- **Exercise directions**: Could you please retype all of the records exactly, skipping any pictures?

.....

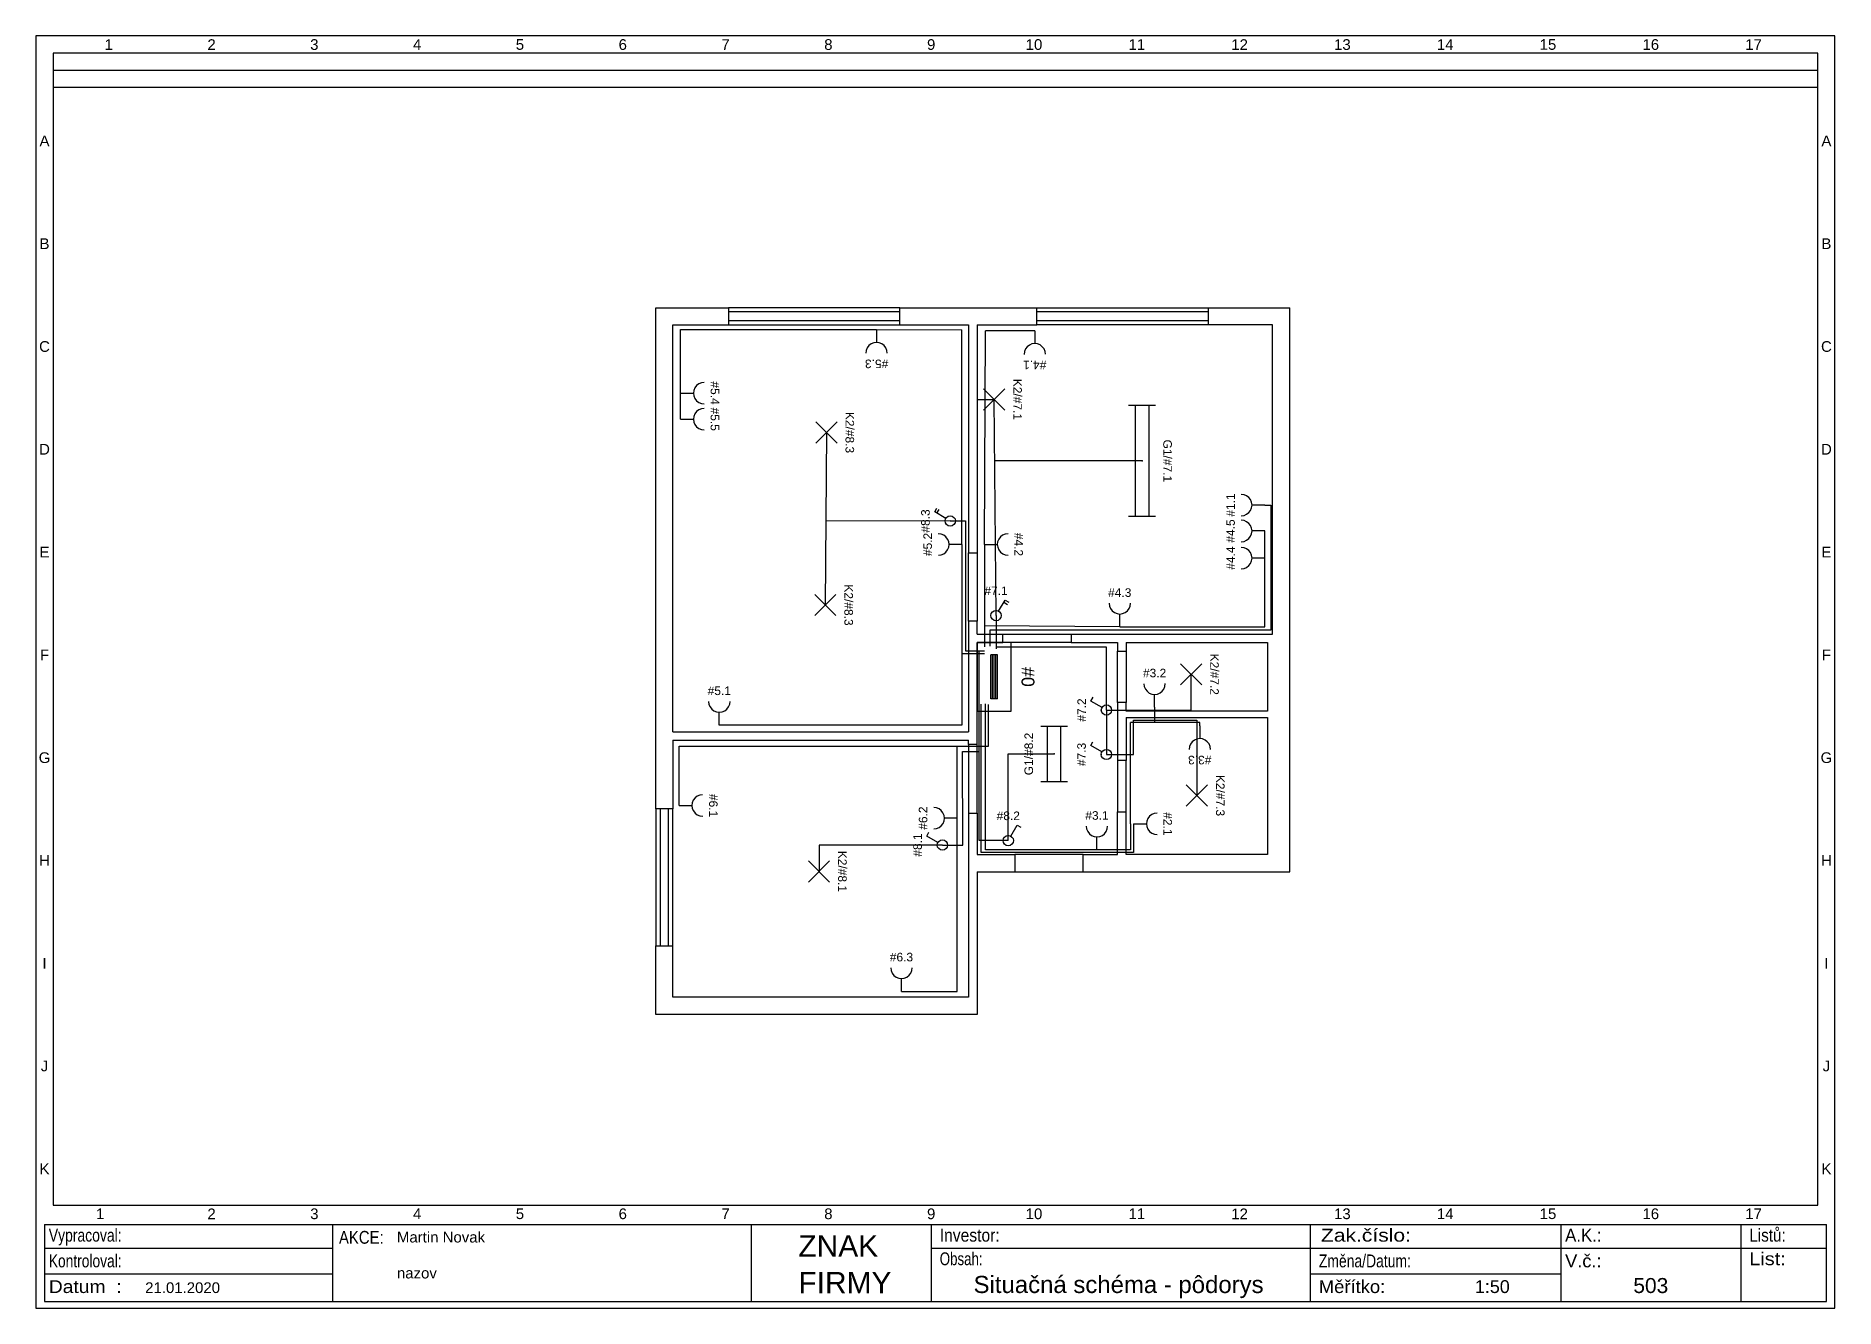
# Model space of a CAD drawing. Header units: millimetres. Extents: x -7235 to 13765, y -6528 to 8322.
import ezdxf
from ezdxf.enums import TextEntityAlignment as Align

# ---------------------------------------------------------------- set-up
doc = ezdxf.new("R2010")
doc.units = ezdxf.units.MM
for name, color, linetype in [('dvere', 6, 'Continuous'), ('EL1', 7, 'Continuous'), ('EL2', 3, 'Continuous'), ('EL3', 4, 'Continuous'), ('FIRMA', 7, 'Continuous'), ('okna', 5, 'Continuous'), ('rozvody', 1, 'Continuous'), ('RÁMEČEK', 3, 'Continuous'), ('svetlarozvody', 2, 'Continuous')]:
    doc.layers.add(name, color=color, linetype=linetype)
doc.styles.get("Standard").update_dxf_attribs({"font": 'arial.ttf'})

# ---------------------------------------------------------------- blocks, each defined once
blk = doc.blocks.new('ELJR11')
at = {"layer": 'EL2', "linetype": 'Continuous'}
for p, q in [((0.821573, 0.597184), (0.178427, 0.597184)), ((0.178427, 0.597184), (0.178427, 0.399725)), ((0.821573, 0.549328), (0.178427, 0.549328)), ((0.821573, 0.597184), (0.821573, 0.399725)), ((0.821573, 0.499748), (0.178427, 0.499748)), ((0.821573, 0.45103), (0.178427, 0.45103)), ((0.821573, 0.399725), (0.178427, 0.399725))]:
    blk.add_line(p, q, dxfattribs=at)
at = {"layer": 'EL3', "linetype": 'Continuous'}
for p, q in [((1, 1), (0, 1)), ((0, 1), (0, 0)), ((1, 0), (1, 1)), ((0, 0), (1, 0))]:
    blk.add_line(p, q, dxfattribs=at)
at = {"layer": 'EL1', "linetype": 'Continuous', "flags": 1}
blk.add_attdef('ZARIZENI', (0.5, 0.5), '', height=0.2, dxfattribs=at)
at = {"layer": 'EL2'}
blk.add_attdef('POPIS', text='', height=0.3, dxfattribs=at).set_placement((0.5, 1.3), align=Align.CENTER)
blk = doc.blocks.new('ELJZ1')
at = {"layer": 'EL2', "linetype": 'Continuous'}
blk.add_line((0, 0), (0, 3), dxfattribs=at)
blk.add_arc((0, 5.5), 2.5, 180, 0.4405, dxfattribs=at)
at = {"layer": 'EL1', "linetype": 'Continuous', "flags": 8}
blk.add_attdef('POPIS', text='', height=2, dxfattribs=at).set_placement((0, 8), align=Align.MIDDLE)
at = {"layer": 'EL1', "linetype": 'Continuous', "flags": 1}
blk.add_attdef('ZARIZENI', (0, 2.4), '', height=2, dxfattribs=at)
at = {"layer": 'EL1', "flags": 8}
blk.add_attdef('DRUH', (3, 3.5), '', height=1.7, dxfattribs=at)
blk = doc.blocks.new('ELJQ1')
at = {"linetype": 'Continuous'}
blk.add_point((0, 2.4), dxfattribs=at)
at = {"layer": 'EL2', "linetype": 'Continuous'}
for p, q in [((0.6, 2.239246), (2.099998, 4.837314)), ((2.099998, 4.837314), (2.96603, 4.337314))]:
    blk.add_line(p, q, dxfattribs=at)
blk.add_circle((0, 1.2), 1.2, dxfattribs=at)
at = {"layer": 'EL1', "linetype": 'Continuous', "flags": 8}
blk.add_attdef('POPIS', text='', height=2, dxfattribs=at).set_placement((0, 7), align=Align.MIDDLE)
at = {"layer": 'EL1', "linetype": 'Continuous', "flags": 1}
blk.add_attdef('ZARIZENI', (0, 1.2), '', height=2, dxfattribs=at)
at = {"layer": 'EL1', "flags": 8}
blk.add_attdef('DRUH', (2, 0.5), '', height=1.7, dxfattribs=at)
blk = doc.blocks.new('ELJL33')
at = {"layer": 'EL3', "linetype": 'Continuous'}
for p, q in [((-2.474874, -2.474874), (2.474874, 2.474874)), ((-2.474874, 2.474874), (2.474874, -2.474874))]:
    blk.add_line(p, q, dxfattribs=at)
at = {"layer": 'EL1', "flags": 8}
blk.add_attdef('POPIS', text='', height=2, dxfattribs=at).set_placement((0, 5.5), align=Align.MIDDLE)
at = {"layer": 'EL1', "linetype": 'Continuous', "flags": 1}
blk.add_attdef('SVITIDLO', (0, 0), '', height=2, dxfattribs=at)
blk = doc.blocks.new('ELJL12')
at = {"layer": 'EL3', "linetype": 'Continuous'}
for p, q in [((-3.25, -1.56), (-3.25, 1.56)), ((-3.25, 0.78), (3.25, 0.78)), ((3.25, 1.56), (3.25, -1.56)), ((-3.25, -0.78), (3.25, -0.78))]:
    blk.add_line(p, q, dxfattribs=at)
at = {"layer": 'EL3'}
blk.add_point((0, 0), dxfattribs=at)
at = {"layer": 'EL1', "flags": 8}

.....

- **Solution for this task**:
# Model space of a CAD drawing. Header units: millimetres. Extents: x -7235 to 13765, y -6528 to 8322.
import ezdxf
from ezdxf.enums import TextEntityAlignment as Align

# ---------------------------------------------------------------- set-up
doc = ezdxf.new("R2010")
doc.units = ezdxf.units.MM
for name, color, linetype in [('dvere', 6, 'Continuous'), ('EL1', 7, 'Continuous'), ('EL2', 3, 'Continuous'), ('EL3', 4, 'Continuous'), ('FIRMA', 7, 'Continuous'), ('okna', 5, 'Continuous'), ('rozvody', 1, 'Continuous'), ('RÁMEČEK', 3, 'Continuous'), ('svetlarozvody', 2, 'Continuous')]:
    doc.layers.add(name, color=color, linetype=linetype)
doc.styles.get("Standard").update_dxf_attribs({"font": 'arial.ttf'})

# ---------------------------------------------------------------- blocks, each defined once
blk = doc.blocks.new('ELJR11')
at = {"layer": 'EL2', "linetype": 'Continuous'}
for p, q in [((0.821573, 0.597184), (0.178427, 0.597184)), ((0.178427, 0.597184), (0.178427, 0.399725)), ((0.821573, 0.549328), (0.178427, 0.549328)), ((0.821573, 0.597184), (0.821573, 0.399725)), ((0.821573, 0.499748), (0.178427, 0.499748)), ((0.821573, 0.45103), (0.178427, 0.45103)), ((0.821573, 0.399725), (0.178427, 0.399725))]:
    blk.add_line(p, q, dxfattribs=at)
at = {"layer": 'EL3', "linetype": 'Continuous'}
for p, q in [((1, 1), (0, 1)), ((0, 1), (0, 0)), ((1, 0), (1, 1)), ((0, 0), (1, 0))]:
    blk.add_line(p, q, dxfattribs=at)
at = {"layer": 'EL1', "linetype": 'Continuous', "flags": 1}
blk.add_attdef('ZARIZENI', (0.5, 0.5), '', height=0.2, dxfattribs=at)
at = {"layer": 'EL2'}
blk.add_attdef('POPIS', text='', height=0.3, dxfattribs=at).set_placement((0.5, 1.3), align=Align.CENTER)
blk = doc.blocks.new('ELJZ1')
at = {"layer": 'EL2', "linetype": 'Continuous'}
blk.add_line((0, 0), (0, 3), dxfattribs=at)
blk.add_arc((0, 5.5), 2.5, 180, 0.4405, dxfattribs=at)
at = {"layer": 'EL1', "linetype": 'Continuous', "flags": 8}
blk.add_attdef('POPIS', text='', height=2, dxfattribs=at).set_placement((0, 8), align=Align.MIDDLE)
at = {"layer": 'EL1', "linetype": 'Continuous', "flags": 1}
blk.add_attdef('ZARIZENI', (0, 2.4), '', height=2, dxfattribs=at)
at = {"layer": 'EL1', "flags": 8}
blk.add_attdef('DRUH', (3, 3.5), '', height=1.7, dxfattribs=at)
blk = doc.blocks.new('ELJQ1')
at = {"linetype": 'Continuous'}
blk.add_point((0, 2.4), dxfattribs=at)
at = {"layer": 'EL2', "linetype": 'Continuous'}
for p, q in [((0.6, 2.239246), (2.099998, 4.837314)), ((2.099998, 4.837314), (2.96603, 4.337314))]:
    blk.add_line(p, q, dxfattribs=at)
blk.add_circle((0, 1.2), 1.2, dxfattribs=at)
at = {"layer": 'EL1', "linetype": 'Continuous', "flags": 8}
blk.add_attdef('POPIS', text='', height=2, dxfattribs=at).set_placement((0, 7), align=Align.MIDDLE)
at = {"layer": 'EL1', "linetype": 'Continuous', "flags": 1}
blk.add_attdef('ZARIZENI', (0, 1.2), '', height=2, dxfattribs=at)
at = {"layer": 'EL1', "flags": 8}
blk.add_attdef('DRUH', (2, 0.5), '', height=1.7, dxfattribs=at)
blk = doc.blocks.new('ELJL33')
at = {"layer": 'EL3', "linetype": 'Continuous'}
for p, q in [((-2.474874, -2.474874), (2.474874, 2.474874)), ((-2.474874, 2.474874), (2.474874, -2.474874))]:
    blk.add_line(p, q, dxfattribs=at)
at = {"layer": 'EL1', "flags": 8}
blk.add_attdef('POPIS', text='', height=2, dxfattribs=at).set_placement((0, 5.5), align=Align.MIDDLE)
at = {"layer": 'EL1', "linetype": 'Continuous', "flags": 1}
blk.add_attdef('SVITIDLO', (0, 0), '', height=2, dxfattribs=at)
blk = doc.blocks.new('ELJL12')
at = {"layer": 'EL3', "linetype": 'Continuous'}
for p, q in [((-3.25, -1.56), (-3.25, 1.56)), ((-3.25, 0.78), (3.25, 0.78)), ((3.25, 1.56), (3.25, -1.56)), ((-3.25, -0.78), (3.25, -0.78))]:
    blk.add_line(p, q, dxfattribs=at)
at = {"layer": 'EL3'}
blk.add_point((0, 0), dxfattribs=at)
at = {"layer": 'EL1', "flags": 8}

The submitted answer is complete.